As above, SN2 can't attack from both sides, so the answer should be C.

 

[Necr0sis713]

To make it clearer: the only reason why you get a racemic mixture from sn1 is because the leaving group leaves BEFORE the attack, so the nucleophile can attack from anywhere. There is essentially a naked carbocation open for attack.

 

[Nevadatim89]

I think of it like this. In an Sn2 rxn stereochemistry is usually inverted. The only way this does not happen is when there happens to be a substituent on the electrophile that has a higher priority than the newly added nucleophile. In this problem the electrophile started in an R configuration. The F has the highest priorty (4), then I > R group > H.... the incoming Nitro nucleophile replaced the I with an N group. This new molecule still has the high priorty F then N, R group and H as least prioritized. Since the I and N are both prioratized under F, the stereochemistry isnt changed.

 

[mourinho]

If they don't say if the attack is front or back, how are we supposed to know if the molecule retains its configuration or not?

 

[theonlytycrane]

If they don't say if the attack is front or back, how are we supposed to know if the molecule retains its configuration or not?

The polar aprotic solvent indicates it's SN2

 

[mourinho]

I don't have a problem with it being SN2 but it remaining R configuration and not S.

 

[Nevadatim89]

I don't have a problem with it being SN2 but it remaining R configuration and not S.

Ignore my previous post. It remains in R configuration because the new nucleophile has a higher priority than the F substituent, so just draw it out and label the inverted molecule. You will see that even when its inverted on paper it will still be R configuration.

 

[PassEdge]

There's two parts to this. Identifying that it's SN2, and figuring out the orientation of the final product. Messing up either will give you the wrong result.

Choosing the racemic mixture means that you thought it would be SN1 which is incorrect. Usually the group can't just leave by itself unless it's a tertiary carbon.

 

[weanprednisone]

So in terms of solvents. Can I conclude:
Aprotic solvents: Sn2 Never will have a racemic mixture.
Protic solvents: Sn1 (backside and frontside attack) Can have racemic mixture only if the molecule is chiral.
But the solvent can never conclude the stereochemistry.

 

[Nevadatim89]

So in terms of solvents. Can I conclude:
Aprotic solvents: Sn2 Never will have a racemic mixture.
Protic solvents: Sn1 (backside and frontside attack) Can have racemic mixture only if the molecule is chiral.
But the solvent can never conclude the stereochemistry.
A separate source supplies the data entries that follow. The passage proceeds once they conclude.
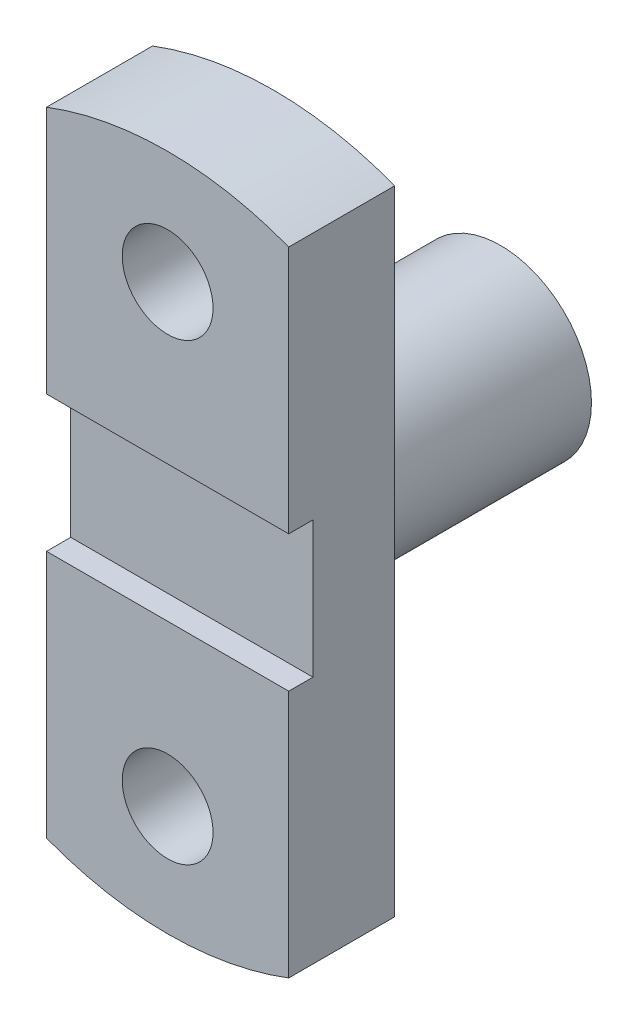
ISO-10303-21;
HEADER;
FILE_DESCRIPTION(('STEP AP214'),'2;1');
FILE_NAME('part.step','',(''),(''),'','','');
FILE_SCHEMA(('AUTOMOTIVE_DESIGN { 1 0 10303 214 1 1 1 1 }'));
ENDSEC;
DATA;
#1=APPLICATION_CONTEXT('core data for automotive mechanical design processes');
#2=APPLICATION_PROTOCOL_DEFINITION('international standard','automotive_design',2000,#1);
#3=PRODUCT_CONTEXT('',#1,'mechanical');
#4=PRODUCT('Part','Part','',(#3));
#5=PRODUCT_RELATED_PRODUCT_CATEGORY('part','',(#4));
#6=PRODUCT_DEFINITION_FORMATION('','',#4);
#7=PRODUCT_DEFINITION_CONTEXT('part definition',#1,'design');
#8=PRODUCT_DEFINITION('design','',#6,#7);
#9=PRODUCT_DEFINITION_SHAPE('','',#8);
#10=(LENGTH_UNIT() NAMED_UNIT(*) SI_UNIT(.MILLI.,.METRE.));
#11=(NAMED_UNIT(*) PLANE_ANGLE_UNIT() SI_UNIT($,.RADIAN.));
#12=(NAMED_UNIT(*) SI_UNIT($,.STERADIAN.) SOLID_ANGLE_UNIT());
#13=UNCERTAINTY_MEASURE_WITH_UNIT(LENGTH_MEASURE(1.E-05),#10,'distance_accuracy_value','');
#14=(GEOMETRIC_REPRESENTATION_CONTEXT(3) GLOBAL_UNCERTAINTY_ASSIGNED_CONTEXT((#13)) GLOBAL_UNIT_ASSIGNED_CONTEXT((#10,
#11,#12)) REPRESENTATION_CONTEXT('',''));
#15=CARTESIAN_POINT('',(0.,0.,0.));
#16=DIRECTION('',(0.,0.,1.));
#17=DIRECTION('',(1.,0.,0.));
#18=AXIS2_PLACEMENT_3D('',#15,#16,#17);
#19=CARTESIAN_POINT('',(0.,0.,35.));
#20=DIRECTION('',(0.,0.,1.));
#21=DIRECTION('',(1.,0.,0.));
#22=AXIS2_PLACEMENT_3D('',#19,#20,#21);
#23=PLANE('',#22);
#24=CARTESIAN_POINT('',(0.,74.5489272505211,35.));
#25=DIRECTION('',(0.,0.,1.));
#26=DIRECTION('',(1.,0.,0.));
#27=AXIS2_PLACEMENT_3D('',#24,#25,#26);
#28=CIRCLE('',#27,15.);
#29=CARTESIAN_POINT('',(15.,74.5489272505211,35.));
#30=VERTEX_POINT('',#29);
#31=EDGE_CURVE('E179',#30,#30,#28,.T.);
#32=ORIENTED_EDGE('',*,*,#31,.F.);
#33=EDGE_LOOP('',(#32));
#34=FACE_BOUND('',#33,.T.);
#35=DIRECTION('',(1.,0.,0.));
#36=VECTOR('',#35,1.);
#37=CARTESIAN_POINT('',(-40.,22.5,35.));
#38=LINE('',#37,#36);
#39=CARTESIAN_POINT('',(-40.,22.5,35.));
#40=VERTEX_POINT('',#39);
#41=CARTESIAN_POINT('',(40.,22.5,35.));
#42=VERTEX_POINT('',#41);
#43=EDGE_CURVE('E119',#40,#42,#38,.T.);
#44=ORIENTED_EDGE('',*,*,#43,.T.);
#45=DIRECTION('',(0.,1.,0.));
#46=VECTOR('',#45,1.);
#47=CARTESIAN_POINT('',(40.,104.548927250521,35.));
#48=LINE('',#47,#46);
#49=CARTESIAN_POINT('',(40.,104.548927250521,35.));
#50=VERTEX_POINT('',#49);
#51=EDGE_CURVE('E131',#42,#50,#48,.T.);
#52=ORIENTED_EDGE('',*,*,#51,.T.);
#53=CARTESIAN_POINT('',(0.,0.,35.));
#54=DIRECTION('',(0.,0.,1.));
#55=DIRECTION('',(1.,0.,0.));
#56=AXIS2_PLACEMENT_3D('',#53,#54,#55);
#57=CIRCLE('',#56,111.939618496914);
#58=CARTESIAN_POINT('',(-40.,104.548927250521,35.));
#59=VERTEX_POINT('',#58);
#60=EDGE_CURVE('E148',#50,#59,#57,.T.);
#61=ORIENTED_EDGE('',*,*,#60,.T.);
#62=DIRECTION('',(0.,-1.,0.));
#63=VECTOR('',#62,1.);
#64=CARTESIAN_POINT('',(-40.,-104.548927250521,35.));
#65=LINE('',#64,#63);
#66=EDGE_CURVE('E134',#59,#40,#65,.T.);
#67=ORIENTED_EDGE('',*,*,#66,.T.);
#68=EDGE_LOOP('',(#44,#52,#61,#67));
#69=FACE_BOUND('',#68,.T.);
#70=ADVANCED_FACE('F39',(#34,#69),#23,.T.);
#71=CARTESIAN_POINT('',(0.,0.,35.));
#72=DIRECTION('',(0.,0.,-1.));
#73=DIRECTION('',(-1.,0.,0.));
#74=AXIS2_PLACEMENT_3D('',#71,#72,#73);
#75=CYLINDRICAL_SURFACE('',#74,111.939618496914);
#76=CARTESIAN_POINT('',(0.,0.,0.));
#77=DIRECTION('',(0.,0.,1.));
#78=DIRECTION('',(1.,0.,0.));
#79=AXIS2_PLACEMENT_3D('',#76,#77,#78);
#80=CIRCLE('',#79,111.939618496914);
#81=CARTESIAN_POINT('',(-40.,-104.548927250521,0.));
#82=VERTEX_POINT('',#81);
#83=CARTESIAN_POINT('',(40.,-104.548927250521,0.));
#84=VERTEX_POINT('',#83);
#85=EDGE_CURVE('E156',#82,#84,#80,.T.);
#86=ORIENTED_EDGE('',*,*,#85,.T.);
#87=DIRECTION('',(0.,0.,-1.));
#88=VECTOR('',#87,1.);
#89=CARTESIAN_POINT('',(40.,-104.548927250521,35.));
#90=LINE('',#89,#88);
#91=CARTESIAN_POINT('',(40.,-104.548927250521,35.));
#92=VERTEX_POINT('',#91);
#93=EDGE_CURVE('E48',#92,#84,#90,.T.);
#94=ORIENTED_EDGE('',*,*,#93,.F.);
#95=CARTESIAN_POINT('',(0.,0.,35.));
#96=DIRECTION('',(0.,0.,1.));
#97=DIRECTION('',(1.,0.,0.));
#98=AXIS2_PLACEMENT_3D('',#95,#96,#97);
#99=CIRCLE('',#98,111.939618496914);
#100=CARTESIAN_POINT('',(-40.,-104.548927250521,35.));
#101=VERTEX_POINT('',#100);
#102=EDGE_CURVE('E144',#101,#92,#99,.T.);
#103=ORIENTED_EDGE('',*,*,#102,.F.);
#104=DIRECTION('',(0.,0.,-1.));
#105=VECTOR('',#104,1.);
#106=CARTESIAN_POINT('',(-40.,-104.548927250521,35.));
#107=LINE('',#106,#105);
#108=EDGE_CURVE('E155',#101,#82,#107,.T.);
#109=ORIENTED_EDGE('',*,*,#108,.T.);
#110=EDGE_LOOP('',(#86,#94,#103,#109));
#111=FACE_BOUND('',#110,.T.);
#112=ADVANCED_FACE('F41',(#111),#75,.T.);
#113=CARTESIAN_POINT('',(40.,104.548927250521,35.));
#114=DIRECTION('',(-1.,0.,0.));
#115=DIRECTION('',(0.,0.,1.));
#116=AXIS2_PLACEMENT_3D('',#113,#114,#115);
#117=PLANE('',#116);
#118=ORIENTED_EDGE('',*,*,#51,.F.);
#119=DIRECTION('',(0.,0.,1.));
#120=VECTOR('',#119,1.);
#121=CARTESIAN_POINT('',(40.,22.5,35.));
#122=LINE('',#121,#120);
#123=CARTESIAN_POINT('',(40.,22.5,27.));
#124=VERTEX_POINT('',#123);
#125=EDGE_CURVE('E115',#124,#42,#122,.T.);
#126=ORIENTED_EDGE('',*,*,#125,.F.);
#127=DIRECTION('',(0.,1.,0.));
#128=VECTOR('',#127,1.);
#129=CARTESIAN_POINT('',(40.,22.5,27.));
#130=LINE('',#129,#128);
#131=CARTESIAN_POINT('',(40.,-22.5,27.));
#132=VERTEX_POINT('',#131);
#133=EDGE_CURVE('E202',#132,#124,#130,.T.);
#134=ORIENTED_EDGE('',*,*,#133,.F.);
#135=DIRECTION('',(0.,0.,-1.));
#136=VECTOR('',#135,1.);
#137=CARTESIAN_POINT('',(40.,-22.5,27.));
#138=LINE('',#137,#136);
#139=CARTESIAN_POINT('',(40.,-22.5,35.));
#140=VERTEX_POINT('',#139);
#141=EDGE_CURVE('E126',#140,#132,#138,.T.);
#142=ORIENTED_EDGE('',*,*,#141,.F.);
#143=EDGE_CURVE('E93',#92,#140,#48,.T.);
#144=ORIENTED_EDGE('',*,*,#143,.F.);
#145=ORIENTED_EDGE('',*,*,#93,.T.);
#146=DIRECTION('',(0.,1.,0.));
#147=VECTOR('',#146,1.);
#148=CARTESIAN_POINT('',(40.,104.548927250521,0.));
#149=LINE('',#148,#147);
#150=CARTESIAN_POINT('',(40.,104.548927250521,0.));
#151=VERTEX_POINT('',#150);
#152=EDGE_CURVE('E160',#84,#151,#149,.T.);
#153=ORIENTED_EDGE('',*,*,#152,.T.);
#154=DIRECTION('',(0.,0.,-1.));
#155=VECTOR('',#154,1.);
#156=CARTESIAN_POINT('',(40.,104.548927250521,35.));
#157=LINE('',#156,#155);
#158=EDGE_CURVE('E141',#50,#151,#157,.T.);
#159=ORIENTED_EDGE('',*,*,#158,.F.);
#160=EDGE_LOOP('',(#118,#126,#134,#142,#144,#145,#153,#159));
#161=FACE_BOUND('',#160,.T.);
#162=ADVANCED_FACE('F139',(#161),#117,.F.);
#163=CARTESIAN_POINT('',(0.,0.,35.));
#164=DIRECTION('',(0.,0.,-1.));
#165=DIRECTION('',(-1.,0.,0.));
#166=AXIS2_PLACEMENT_3D('',#163,#164,#165);
#167=CYLINDRICAL_SURFACE('',#166,111.939618496914);
#168=CARTESIAN_POINT('',(0.,0.,0.));
#169=DIRECTION('',(0.,0.,1.));
#170=DIRECTION('',(1.,0.,0.));
#171=AXIS2_PLACEMENT_3D('',#168,#169,#170);
#172=CIRCLE('',#171,111.939618496914);
#173=CARTESIAN_POINT('',(-40.,104.548927250521,0.));
#174=VERTEX_POINT('',#173);
#175=EDGE_CURVE('E163',#151,#174,#172,.T.);
#176=ORIENTED_EDGE('',*,*,#175,.T.);
#177=DIRECTION('',(0.,0.,-1.));
#178=VECTOR('',#177,1.);
#179=CARTESIAN_POINT('',(-40.,104.548927250521,35.));
#180=LINE('',#179,#178);
#181=EDGE_CURVE('E170',#59,#174,#180,.T.);
#182=ORIENTED_EDGE('',*,*,#181,.F.);
#183=ORIENTED_EDGE('',*,*,#60,.F.);
#184=ORIENTED_EDGE('',*,*,#158,.T.);
#185=EDGE_LOOP('',(#176,#182,#183,#184));
#186=FACE_BOUND('',#185,.T.);
#187=ADVANCED_FACE('F228',(#186),#167,.T.);
#188=CARTESIAN_POINT('',(-40.,-104.548927250521,35.));
#189=DIRECTION('',(1.,0.,0.));
#190=DIRECTION('',(0.,0.,-1.));
#191=AXIS2_PLACEMENT_3D('',#188,#189,#190);
#192=PLANE('',#191);
#193=DIRECTION('',(0.,1.,0.));
#194=VECTOR('',#193,1.);
#195=CARTESIAN_POINT('',(-40.,22.5,27.));
#196=LINE('',#195,#194);
#197=CARTESIAN_POINT('',(-40.,-22.5,27.));
#198=VERTEX_POINT('',#197);
#199=CARTESIAN_POINT('',(-40.,22.5,27.));
#200=VERTEX_POINT('',#199);
#201=EDGE_CURVE('E137',#198,#200,#196,.T.);
#202=ORIENTED_EDGE('',*,*,#201,.T.);
#203=DIRECTION('',(0.,0.,1.));
#204=VECTOR('',#203,1.);
#205=CARTESIAN_POINT('',(-40.,22.5,35.));
#206=LINE('',#205,#204);
#207=EDGE_CURVE('E205',#200,#40,#206,.T.);
#208=ORIENTED_EDGE('',*,*,#207,.T.);
#209=ORIENTED_EDGE('',*,*,#66,.F.);
#210=ORIENTED_EDGE('',*,*,#181,.T.);
#211=DIRECTION('',(0.,-1.,0.));
#212=VECTOR('',#211,1.);
#213=CARTESIAN_POINT('',(-40.,-104.548927250521,0.));
#214=LINE('',#213,#212);
#215=EDGE_CURVE('E85',#174,#82,#214,.T.);
#216=ORIENTED_EDGE('',*,*,#215,.T.);
#217=ORIENTED_EDGE('',*,*,#108,.F.);
#218=CARTESIAN_POINT('',(-40.,-22.5,35.));
#219=VERTEX_POINT('',#218);
#220=EDGE_CURVE('E63',#219,#101,#65,.T.);
#221=ORIENTED_EDGE('',*,*,#220,.F.);
#222=DIRECTION('',(0.,0.,-1.));
#223=VECTOR('',#222,1.);
#224=CARTESIAN_POINT('',(-40.,-22.5,27.));
#225=LINE('',#224,#223);
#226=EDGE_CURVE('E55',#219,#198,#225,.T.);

Protic solvents produce sn1 rxns which could have racemic mixtures if the carbocation intermediate is chiral. The ansers A though

 

[aalamruad]

Ignore my previous post. It remains in R configuration because the new nucleophile has a higher priority than the F substituent, so just draw it out and label the inverted molecule. You will see that even when its inverted on paper it will still be R configuration.

No, the new nucleophile does not have a higher priority than the F substituent (9>7 : F>N). The reason it remains R is because it has a LOWER priority + inversion. If it had a higher priority like you said, then there would be conversion from R to S with inversion (which is what occurs in most cases of SN2).

 

[plukfelder2017]

polar aprotic solvent on a 1 prime substrate. You do not form primary carbocations because they are energetically unfavorable. You have an excellent leaving group and an excellent nucleophile. How can this be racemic? This could only proceed via backside attack. Once you deal with your Cahn Ingold priority assignment, you realize that N is a lower priority than F because you assign priority based off of atomic number. This means that you end up with a retention of configuration only due to your assignment of Cahn Ingold priority and you only obtain this after you invert configuration when you allow N3 to perform a backside attack on the substrate. Kapiche?

 

[weanprednisone]

Thank you for all the replies. In case anyone was wondering, the answer is A. All the correct reasoning are present.